◆ Your assignment
In the material below, find every line containing the string "labels" and return it.

◆ Source information
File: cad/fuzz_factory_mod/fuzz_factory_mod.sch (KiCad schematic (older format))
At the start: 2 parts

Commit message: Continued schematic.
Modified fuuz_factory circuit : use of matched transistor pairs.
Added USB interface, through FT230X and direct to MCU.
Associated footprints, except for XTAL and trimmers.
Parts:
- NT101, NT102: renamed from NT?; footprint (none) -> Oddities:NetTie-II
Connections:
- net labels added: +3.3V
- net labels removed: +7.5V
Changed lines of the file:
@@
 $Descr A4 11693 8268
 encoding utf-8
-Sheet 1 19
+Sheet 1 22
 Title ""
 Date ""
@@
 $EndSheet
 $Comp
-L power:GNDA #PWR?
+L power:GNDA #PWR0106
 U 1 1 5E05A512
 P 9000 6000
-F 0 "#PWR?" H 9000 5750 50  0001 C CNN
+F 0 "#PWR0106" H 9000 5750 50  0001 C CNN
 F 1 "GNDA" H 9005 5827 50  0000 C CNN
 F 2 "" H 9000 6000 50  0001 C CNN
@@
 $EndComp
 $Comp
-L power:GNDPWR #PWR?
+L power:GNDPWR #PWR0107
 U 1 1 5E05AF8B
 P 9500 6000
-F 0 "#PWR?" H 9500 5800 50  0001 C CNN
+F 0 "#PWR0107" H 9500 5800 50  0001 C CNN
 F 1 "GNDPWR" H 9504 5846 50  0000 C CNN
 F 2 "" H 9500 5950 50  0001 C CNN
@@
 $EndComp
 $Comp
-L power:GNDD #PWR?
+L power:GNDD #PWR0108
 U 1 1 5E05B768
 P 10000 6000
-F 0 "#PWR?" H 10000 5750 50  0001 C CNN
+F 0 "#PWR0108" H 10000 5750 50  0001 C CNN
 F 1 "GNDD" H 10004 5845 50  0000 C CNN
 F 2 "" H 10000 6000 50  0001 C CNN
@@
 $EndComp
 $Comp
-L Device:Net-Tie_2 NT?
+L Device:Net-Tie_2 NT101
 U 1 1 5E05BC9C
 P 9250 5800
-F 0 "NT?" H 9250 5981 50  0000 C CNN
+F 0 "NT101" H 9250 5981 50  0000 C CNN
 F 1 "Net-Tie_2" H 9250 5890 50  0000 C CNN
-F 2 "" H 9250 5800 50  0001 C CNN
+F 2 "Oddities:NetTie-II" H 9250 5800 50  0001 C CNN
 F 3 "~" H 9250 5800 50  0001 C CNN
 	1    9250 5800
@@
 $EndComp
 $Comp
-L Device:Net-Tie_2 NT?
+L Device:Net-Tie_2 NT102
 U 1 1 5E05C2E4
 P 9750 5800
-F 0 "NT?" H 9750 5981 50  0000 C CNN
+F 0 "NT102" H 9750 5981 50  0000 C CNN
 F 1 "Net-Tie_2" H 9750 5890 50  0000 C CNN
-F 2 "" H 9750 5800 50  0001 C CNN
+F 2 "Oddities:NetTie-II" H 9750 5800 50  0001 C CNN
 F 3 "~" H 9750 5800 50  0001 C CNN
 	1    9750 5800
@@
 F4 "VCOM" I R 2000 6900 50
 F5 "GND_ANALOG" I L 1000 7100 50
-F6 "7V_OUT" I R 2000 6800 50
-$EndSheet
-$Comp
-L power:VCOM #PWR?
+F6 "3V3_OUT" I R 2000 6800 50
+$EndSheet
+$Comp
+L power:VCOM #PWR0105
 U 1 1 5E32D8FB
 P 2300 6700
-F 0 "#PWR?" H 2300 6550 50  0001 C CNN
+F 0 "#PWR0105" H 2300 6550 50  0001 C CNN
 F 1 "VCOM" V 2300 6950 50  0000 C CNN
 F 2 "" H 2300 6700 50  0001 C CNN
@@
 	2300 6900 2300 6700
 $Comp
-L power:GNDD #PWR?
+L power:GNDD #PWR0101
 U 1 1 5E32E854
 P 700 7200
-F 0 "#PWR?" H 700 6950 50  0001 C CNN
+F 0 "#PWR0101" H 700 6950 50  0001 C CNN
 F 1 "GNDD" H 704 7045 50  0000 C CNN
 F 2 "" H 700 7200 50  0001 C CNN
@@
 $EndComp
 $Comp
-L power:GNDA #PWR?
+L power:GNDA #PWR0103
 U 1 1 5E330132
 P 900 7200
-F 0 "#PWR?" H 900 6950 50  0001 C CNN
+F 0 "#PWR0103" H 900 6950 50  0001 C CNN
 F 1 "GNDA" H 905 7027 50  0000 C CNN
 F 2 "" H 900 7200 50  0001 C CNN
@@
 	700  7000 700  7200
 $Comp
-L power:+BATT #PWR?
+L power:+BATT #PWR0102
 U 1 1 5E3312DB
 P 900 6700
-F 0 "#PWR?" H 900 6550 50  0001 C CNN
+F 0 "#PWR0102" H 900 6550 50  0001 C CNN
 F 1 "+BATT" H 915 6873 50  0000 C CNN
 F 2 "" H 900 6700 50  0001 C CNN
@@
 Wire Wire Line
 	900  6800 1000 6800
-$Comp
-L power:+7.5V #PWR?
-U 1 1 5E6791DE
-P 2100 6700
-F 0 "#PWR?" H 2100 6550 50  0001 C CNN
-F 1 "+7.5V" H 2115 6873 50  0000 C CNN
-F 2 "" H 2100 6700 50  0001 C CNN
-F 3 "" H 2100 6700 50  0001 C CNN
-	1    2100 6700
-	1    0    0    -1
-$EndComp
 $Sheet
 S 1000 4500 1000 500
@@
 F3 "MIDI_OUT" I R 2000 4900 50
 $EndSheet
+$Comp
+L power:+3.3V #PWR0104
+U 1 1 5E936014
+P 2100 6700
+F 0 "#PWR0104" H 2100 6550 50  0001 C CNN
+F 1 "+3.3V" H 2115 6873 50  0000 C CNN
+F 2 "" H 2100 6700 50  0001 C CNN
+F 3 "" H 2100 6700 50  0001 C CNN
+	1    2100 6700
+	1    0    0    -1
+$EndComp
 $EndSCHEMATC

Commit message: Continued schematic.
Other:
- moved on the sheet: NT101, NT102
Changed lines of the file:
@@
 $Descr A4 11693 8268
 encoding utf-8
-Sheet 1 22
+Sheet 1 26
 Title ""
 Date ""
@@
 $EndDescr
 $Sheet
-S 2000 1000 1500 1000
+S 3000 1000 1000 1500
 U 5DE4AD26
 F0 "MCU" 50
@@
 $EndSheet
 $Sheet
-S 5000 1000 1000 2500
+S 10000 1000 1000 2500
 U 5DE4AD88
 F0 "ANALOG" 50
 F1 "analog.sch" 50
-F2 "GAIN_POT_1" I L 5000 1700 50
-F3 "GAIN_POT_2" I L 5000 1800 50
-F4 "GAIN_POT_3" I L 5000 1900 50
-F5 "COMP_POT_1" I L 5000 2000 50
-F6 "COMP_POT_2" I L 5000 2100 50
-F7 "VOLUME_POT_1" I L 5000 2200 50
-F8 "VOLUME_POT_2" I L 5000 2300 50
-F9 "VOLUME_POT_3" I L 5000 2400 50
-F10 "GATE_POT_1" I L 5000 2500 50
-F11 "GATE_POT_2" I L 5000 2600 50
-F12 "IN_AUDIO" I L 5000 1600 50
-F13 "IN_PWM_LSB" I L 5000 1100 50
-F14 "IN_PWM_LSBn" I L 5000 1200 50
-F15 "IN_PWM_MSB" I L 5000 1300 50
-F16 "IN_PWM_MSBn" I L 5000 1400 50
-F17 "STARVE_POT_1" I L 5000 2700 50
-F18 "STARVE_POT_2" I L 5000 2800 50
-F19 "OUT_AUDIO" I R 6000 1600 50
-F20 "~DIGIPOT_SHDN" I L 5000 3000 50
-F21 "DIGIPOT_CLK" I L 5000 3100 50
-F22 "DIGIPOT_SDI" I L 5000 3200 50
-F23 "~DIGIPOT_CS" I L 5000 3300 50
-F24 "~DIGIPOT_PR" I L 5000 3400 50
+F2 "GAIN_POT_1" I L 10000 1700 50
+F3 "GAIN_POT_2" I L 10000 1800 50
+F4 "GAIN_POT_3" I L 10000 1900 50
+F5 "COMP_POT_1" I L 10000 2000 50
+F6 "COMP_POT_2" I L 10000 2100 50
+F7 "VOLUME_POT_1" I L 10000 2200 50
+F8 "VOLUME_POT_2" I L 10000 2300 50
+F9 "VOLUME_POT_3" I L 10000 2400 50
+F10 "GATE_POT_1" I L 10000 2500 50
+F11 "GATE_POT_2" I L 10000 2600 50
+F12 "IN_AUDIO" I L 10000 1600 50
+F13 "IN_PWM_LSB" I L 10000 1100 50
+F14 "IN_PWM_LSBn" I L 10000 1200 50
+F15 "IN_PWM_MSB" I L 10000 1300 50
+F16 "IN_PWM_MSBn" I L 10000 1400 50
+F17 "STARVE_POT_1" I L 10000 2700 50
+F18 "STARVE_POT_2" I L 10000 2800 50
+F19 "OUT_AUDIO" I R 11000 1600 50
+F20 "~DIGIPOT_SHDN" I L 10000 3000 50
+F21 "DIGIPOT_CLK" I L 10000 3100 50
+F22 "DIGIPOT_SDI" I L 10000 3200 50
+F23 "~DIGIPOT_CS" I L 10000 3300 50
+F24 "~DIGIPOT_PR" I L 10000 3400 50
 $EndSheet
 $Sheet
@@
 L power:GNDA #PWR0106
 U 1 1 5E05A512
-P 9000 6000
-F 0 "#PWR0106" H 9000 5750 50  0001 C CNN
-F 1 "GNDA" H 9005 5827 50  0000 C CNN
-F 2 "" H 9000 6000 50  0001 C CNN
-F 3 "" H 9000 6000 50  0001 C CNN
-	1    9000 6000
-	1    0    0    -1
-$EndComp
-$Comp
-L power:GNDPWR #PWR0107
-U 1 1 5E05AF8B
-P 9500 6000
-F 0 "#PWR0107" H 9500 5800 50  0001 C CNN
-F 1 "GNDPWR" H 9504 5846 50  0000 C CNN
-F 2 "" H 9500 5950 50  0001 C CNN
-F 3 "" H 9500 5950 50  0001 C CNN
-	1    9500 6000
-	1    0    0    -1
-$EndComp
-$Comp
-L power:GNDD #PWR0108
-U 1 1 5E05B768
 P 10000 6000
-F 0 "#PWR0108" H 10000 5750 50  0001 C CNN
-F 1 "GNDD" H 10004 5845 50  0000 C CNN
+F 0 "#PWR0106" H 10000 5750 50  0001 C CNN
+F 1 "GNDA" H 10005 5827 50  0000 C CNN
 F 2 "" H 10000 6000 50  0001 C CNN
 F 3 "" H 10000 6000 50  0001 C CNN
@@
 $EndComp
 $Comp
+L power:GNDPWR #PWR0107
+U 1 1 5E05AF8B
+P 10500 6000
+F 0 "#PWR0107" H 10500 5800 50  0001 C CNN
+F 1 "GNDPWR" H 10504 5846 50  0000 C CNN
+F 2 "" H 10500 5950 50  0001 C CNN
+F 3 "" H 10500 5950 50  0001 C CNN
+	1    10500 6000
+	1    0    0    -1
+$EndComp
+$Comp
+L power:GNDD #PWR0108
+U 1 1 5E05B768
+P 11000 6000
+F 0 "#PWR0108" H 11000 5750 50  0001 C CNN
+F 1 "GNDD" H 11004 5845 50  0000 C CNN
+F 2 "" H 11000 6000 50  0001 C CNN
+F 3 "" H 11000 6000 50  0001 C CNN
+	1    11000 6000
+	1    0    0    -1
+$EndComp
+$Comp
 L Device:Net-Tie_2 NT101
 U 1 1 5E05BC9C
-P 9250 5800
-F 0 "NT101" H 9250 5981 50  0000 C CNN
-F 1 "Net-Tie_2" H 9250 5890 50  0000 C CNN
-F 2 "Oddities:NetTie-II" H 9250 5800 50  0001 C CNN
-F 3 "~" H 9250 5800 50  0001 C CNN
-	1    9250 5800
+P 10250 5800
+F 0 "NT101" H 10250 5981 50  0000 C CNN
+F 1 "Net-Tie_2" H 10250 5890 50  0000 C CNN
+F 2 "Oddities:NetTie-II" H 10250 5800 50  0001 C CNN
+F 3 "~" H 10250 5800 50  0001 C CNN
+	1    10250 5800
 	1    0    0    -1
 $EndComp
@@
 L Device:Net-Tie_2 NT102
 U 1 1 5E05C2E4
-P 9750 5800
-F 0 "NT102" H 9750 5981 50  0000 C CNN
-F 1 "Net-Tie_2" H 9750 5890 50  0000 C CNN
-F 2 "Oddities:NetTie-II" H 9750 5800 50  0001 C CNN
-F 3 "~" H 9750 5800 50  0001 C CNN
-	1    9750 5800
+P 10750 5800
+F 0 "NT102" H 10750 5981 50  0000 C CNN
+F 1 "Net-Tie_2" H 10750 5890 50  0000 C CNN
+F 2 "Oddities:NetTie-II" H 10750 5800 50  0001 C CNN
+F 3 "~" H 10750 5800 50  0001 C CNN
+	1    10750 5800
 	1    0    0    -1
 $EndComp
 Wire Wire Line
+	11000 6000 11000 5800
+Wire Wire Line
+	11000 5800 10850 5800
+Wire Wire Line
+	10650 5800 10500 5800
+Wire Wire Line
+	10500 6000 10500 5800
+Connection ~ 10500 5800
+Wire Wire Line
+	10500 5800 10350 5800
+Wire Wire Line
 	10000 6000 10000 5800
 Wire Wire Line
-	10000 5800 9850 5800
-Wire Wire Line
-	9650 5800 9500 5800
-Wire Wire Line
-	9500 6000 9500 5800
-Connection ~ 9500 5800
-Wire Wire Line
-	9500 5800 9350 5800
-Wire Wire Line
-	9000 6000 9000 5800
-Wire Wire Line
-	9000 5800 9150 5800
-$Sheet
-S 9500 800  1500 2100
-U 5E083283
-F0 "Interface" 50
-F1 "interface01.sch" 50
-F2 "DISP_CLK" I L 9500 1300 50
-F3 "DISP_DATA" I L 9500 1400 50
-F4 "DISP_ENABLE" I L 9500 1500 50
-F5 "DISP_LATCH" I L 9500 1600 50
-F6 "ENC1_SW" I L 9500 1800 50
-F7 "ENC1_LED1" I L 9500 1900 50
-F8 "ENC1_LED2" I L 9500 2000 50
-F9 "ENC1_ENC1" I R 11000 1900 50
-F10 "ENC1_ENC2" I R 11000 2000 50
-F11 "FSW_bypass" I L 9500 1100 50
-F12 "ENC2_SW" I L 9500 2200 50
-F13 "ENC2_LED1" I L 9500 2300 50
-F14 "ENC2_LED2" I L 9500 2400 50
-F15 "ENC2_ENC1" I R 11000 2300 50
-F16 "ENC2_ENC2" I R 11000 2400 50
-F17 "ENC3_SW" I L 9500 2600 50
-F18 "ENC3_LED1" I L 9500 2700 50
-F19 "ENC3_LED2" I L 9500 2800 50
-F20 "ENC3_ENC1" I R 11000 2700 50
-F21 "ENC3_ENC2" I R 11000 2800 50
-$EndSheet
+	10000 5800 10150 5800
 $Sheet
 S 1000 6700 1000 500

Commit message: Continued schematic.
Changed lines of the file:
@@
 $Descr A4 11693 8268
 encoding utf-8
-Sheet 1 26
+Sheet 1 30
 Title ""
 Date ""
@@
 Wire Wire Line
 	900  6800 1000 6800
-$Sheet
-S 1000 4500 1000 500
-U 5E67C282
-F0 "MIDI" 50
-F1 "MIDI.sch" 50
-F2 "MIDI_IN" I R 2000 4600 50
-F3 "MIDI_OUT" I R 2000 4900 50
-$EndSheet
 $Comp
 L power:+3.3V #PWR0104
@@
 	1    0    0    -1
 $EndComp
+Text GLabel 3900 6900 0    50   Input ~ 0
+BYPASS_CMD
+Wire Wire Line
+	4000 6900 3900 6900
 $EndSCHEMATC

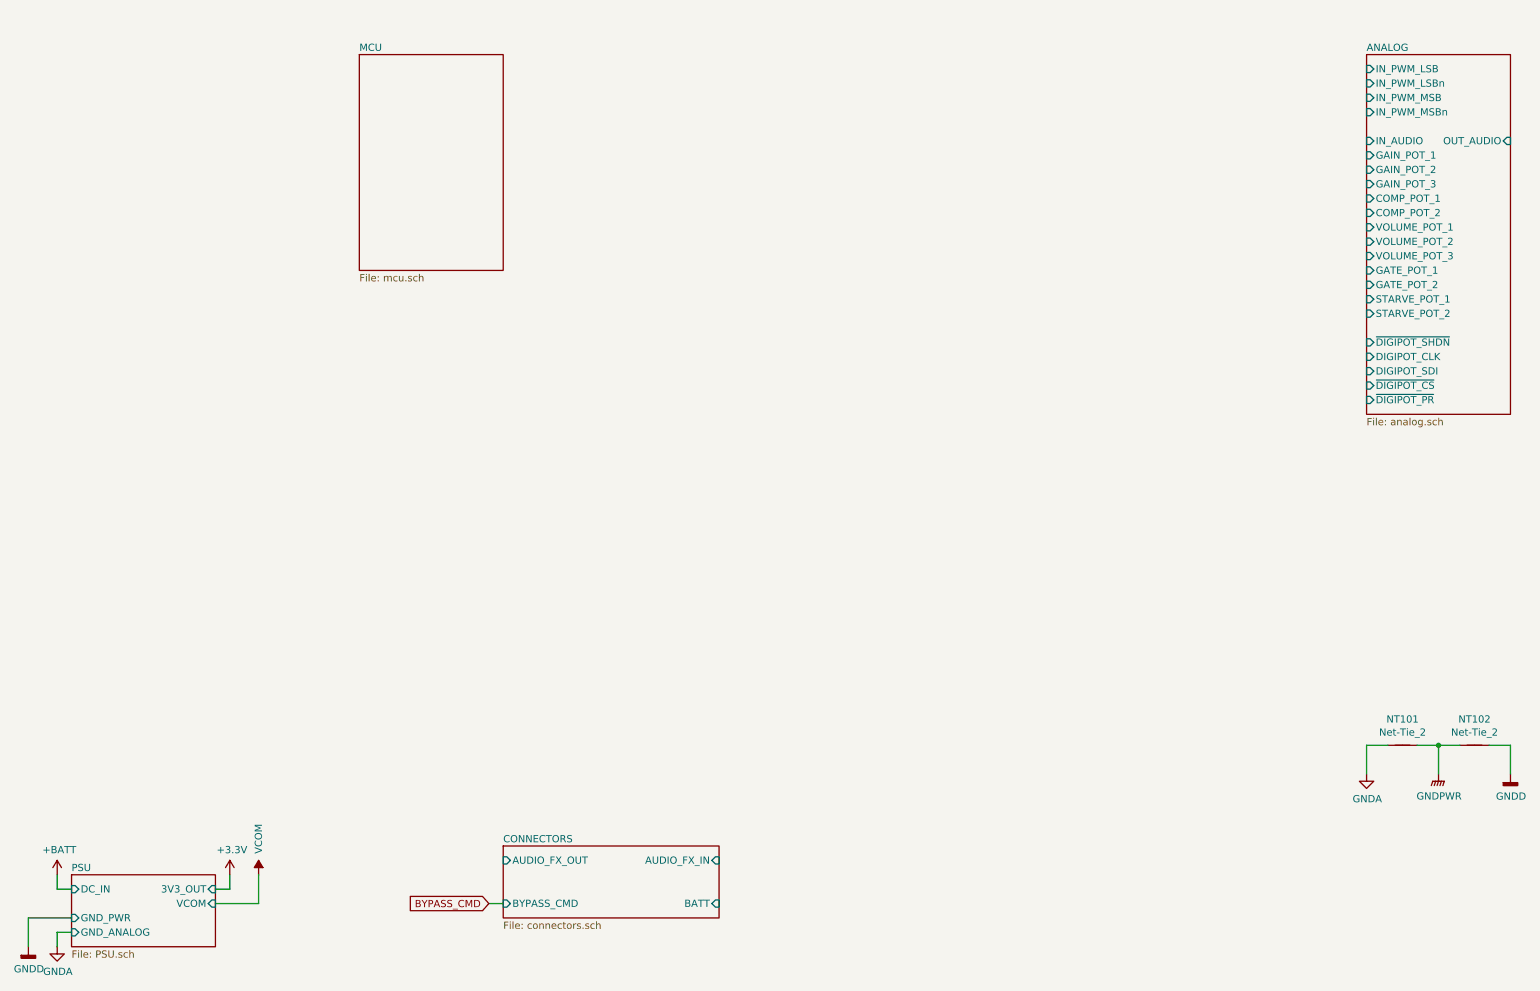
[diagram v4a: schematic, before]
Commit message: Continued schematic.
Continued component placement.
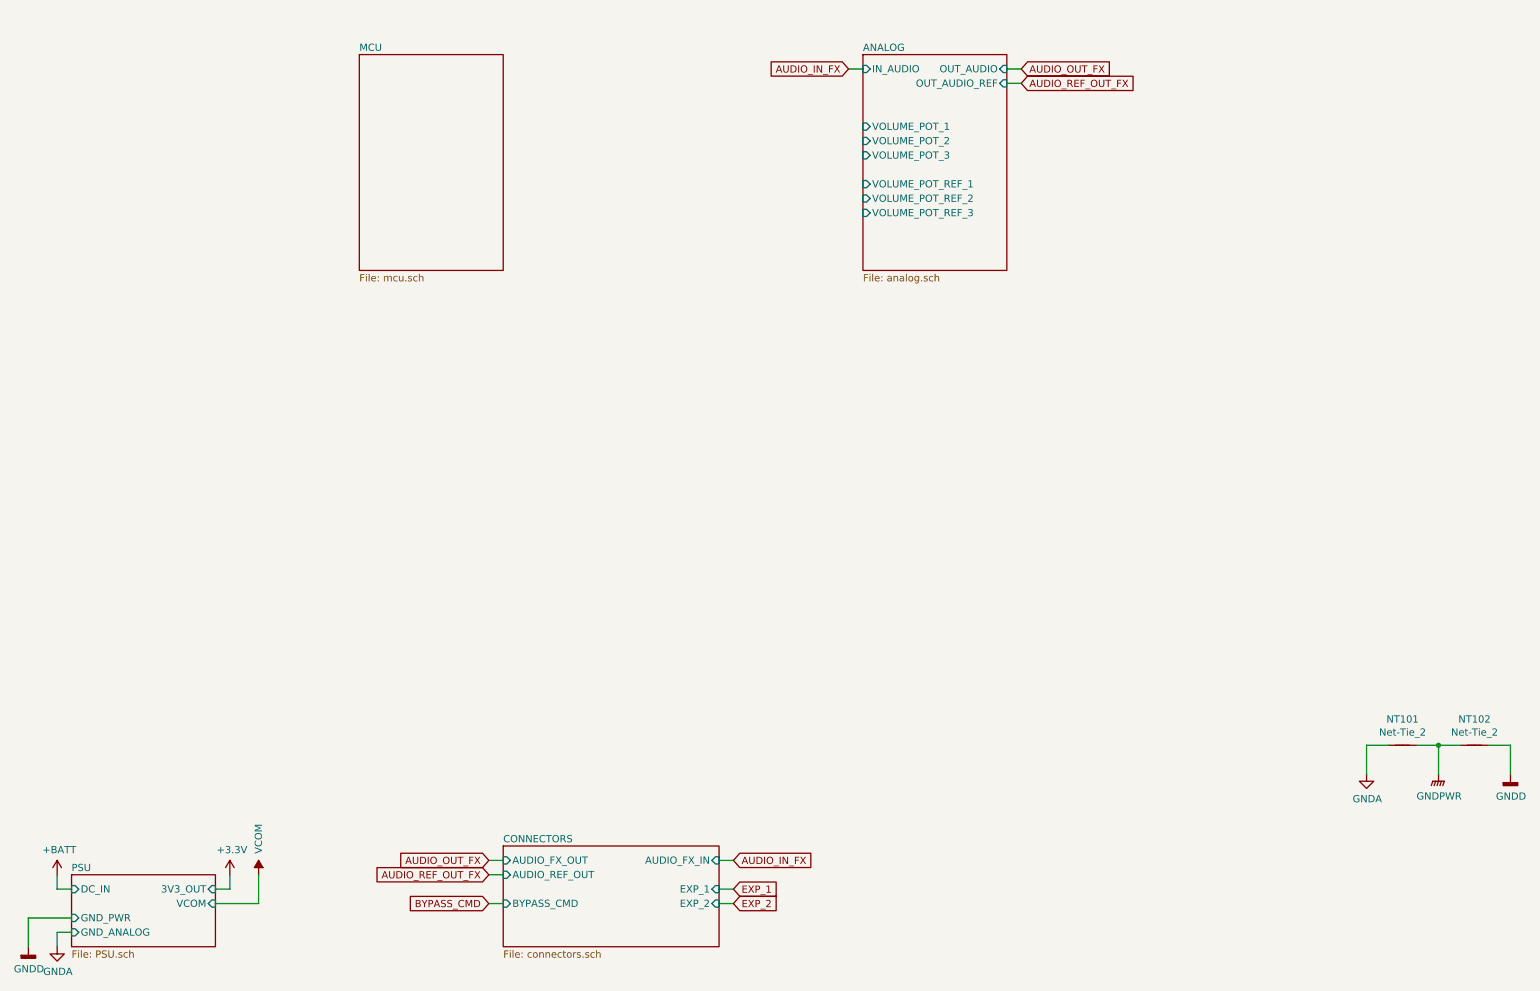
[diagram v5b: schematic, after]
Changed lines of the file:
@@
 $EndSheet
 $Sheet
-S 10000 1000 1000 2500
+S 6500 1000 1000 1500
 U 5DE4AD88
 F0 "ANALOG" 50
 F1 "analog.sch" 50
-F2 "GAIN_POT_1" I L 10000 1700 50
-F3 "GAIN_POT_2" I L 10000 1800 50
-F4 "GAIN_POT_3" I L 10000 1900 50
-F5 "COMP_POT_1" I L 10000 2000 50
-F6 "COMP_POT_2" I L 10000 2100 50
-F7 "VOLUME_POT_1" I L 10000 2200 50
-F8 "VOLUME_POT_2" I L 10000 2300 50
-F9 "VOLUME_POT_3" I L 10000 2400 50
-F10 "GATE_POT_1" I L 10000 2500 50
-F11 "GATE_POT_2" I L 10000 2600 50
-F12 "IN_AUDIO" I L 10000 1600 50
-F13 "IN_PWM_LSB" I L 10000 1100 50
-F14 "IN_PWM_LSBn" I L 10000 1200 50
-F15 "IN_PWM_MSB" I L 10000 1300 50
-F16 "IN_PWM_MSBn" I L 10000 1400 50
-F17 "STARVE_POT_1" I L 10000 2700 50
-F18 "STARVE_POT_2" I L 10000 2800 50
-F19 "OUT_AUDIO" I R 11000 1600 50
-F20 "~DIGIPOT_SHDN" I L 10000 3000 50
-F21 "DIGIPOT_CLK" I L 10000 3100 50
-F22 "DIGIPOT_SDI" I L 10000 3200 50
-F23 "~DIGIPOT_CS" I L 10000 3300 50
-F24 "~DIGIPOT_PR" I L 10000 3400 50
+F2 "VOLUME_POT_1" I L 6500 1500 50
+F3 "VOLUME_POT_2" I L 6500 1600 50
+F4 "VOLUME_POT_3" I L 6500 1700 50
+F5 "IN_AUDIO" I L 6500 1100 50
+F6 "OUT_AUDIO" I R 7500 1100 50
+F7 "OUT_AUDIO_REF" I R 7500 1200 50
+F8 "VOLUME_POT_REF_1" I L 6500 1900 50
+F9 "VOLUME_POT_REF_2" I L 6500 2000 50
+F10 "VOLUME_POT_REF_3" I L 6500 2100 50
 $EndSheet
 $Sheet
-S 4000 6500 1500 500
+S 4000 6500 1500 700
 U 5DE5A177
 F0 "CONNECTORS" 50
@@
 F3 "AUDIO_FX_IN" I R 5500 6600 50
 F4 "AUDIO_FX_OUT" I L 4000 6600 50
-F5 "BATT" I R 5500 6900 50
+F5 "EXP_1" I R 5500 6800 50
+F6 "EXP_2" I R 5500 6900 50
+F7 "AUDIO_REF_OUT" I L 4000 6700 50
 $EndSheet
 $Comp
@@
 Wire Wire Line
 	4000 6900 3900 6900
+Text GLabel 5600 6600 2    50   Input ~ 0
+AUDIO_IN_FX
+Text GLabel 3900 6600 0    50   Input ~ 0
+AUDIO_OUT_FX
+Wire Wire Line
+	3900 6600 4000 6600
+Wire Wire Line
+	5500 6600 5600 6600
+Text GLabel 6400 1100 0    50   Input ~ 0
+AUDIO_IN_FX
+Wire Wire Line
+	6500 1100 6400 1100
+Text GLabel 7600 1100 2    50   Input ~ 0
+AUDIO_OUT_FX
+Wire Wire Line
+	7600 1100 7500 1100
+Text GLabel 5600 6800 2    50   Input ~ 0
+EXP_1
+Text GLabel 5600 6900 2    50   Input ~ 0
+EXP_2
+Wire Wire Line
+	5500 6800 5600 6800
+Wire Wire Line
+	5600 6900 5500 6900
+Text GLabel 3900 6700 0    50   Input ~ 0
+AUDIO_REF_OUT_FX
+Wire Wire Line
+	4000 6700 3900 6700
+Text GLabel 7600 1200 2    50   Input ~ 0
+AUDIO_REF_OUT_FX
+Wire Wire Line
+	7600 1200 7500 1200
 $EndSCHEMATC

◆ Reply to the exercise
- net labels added: +3.3V
- net labels removed: +7.5V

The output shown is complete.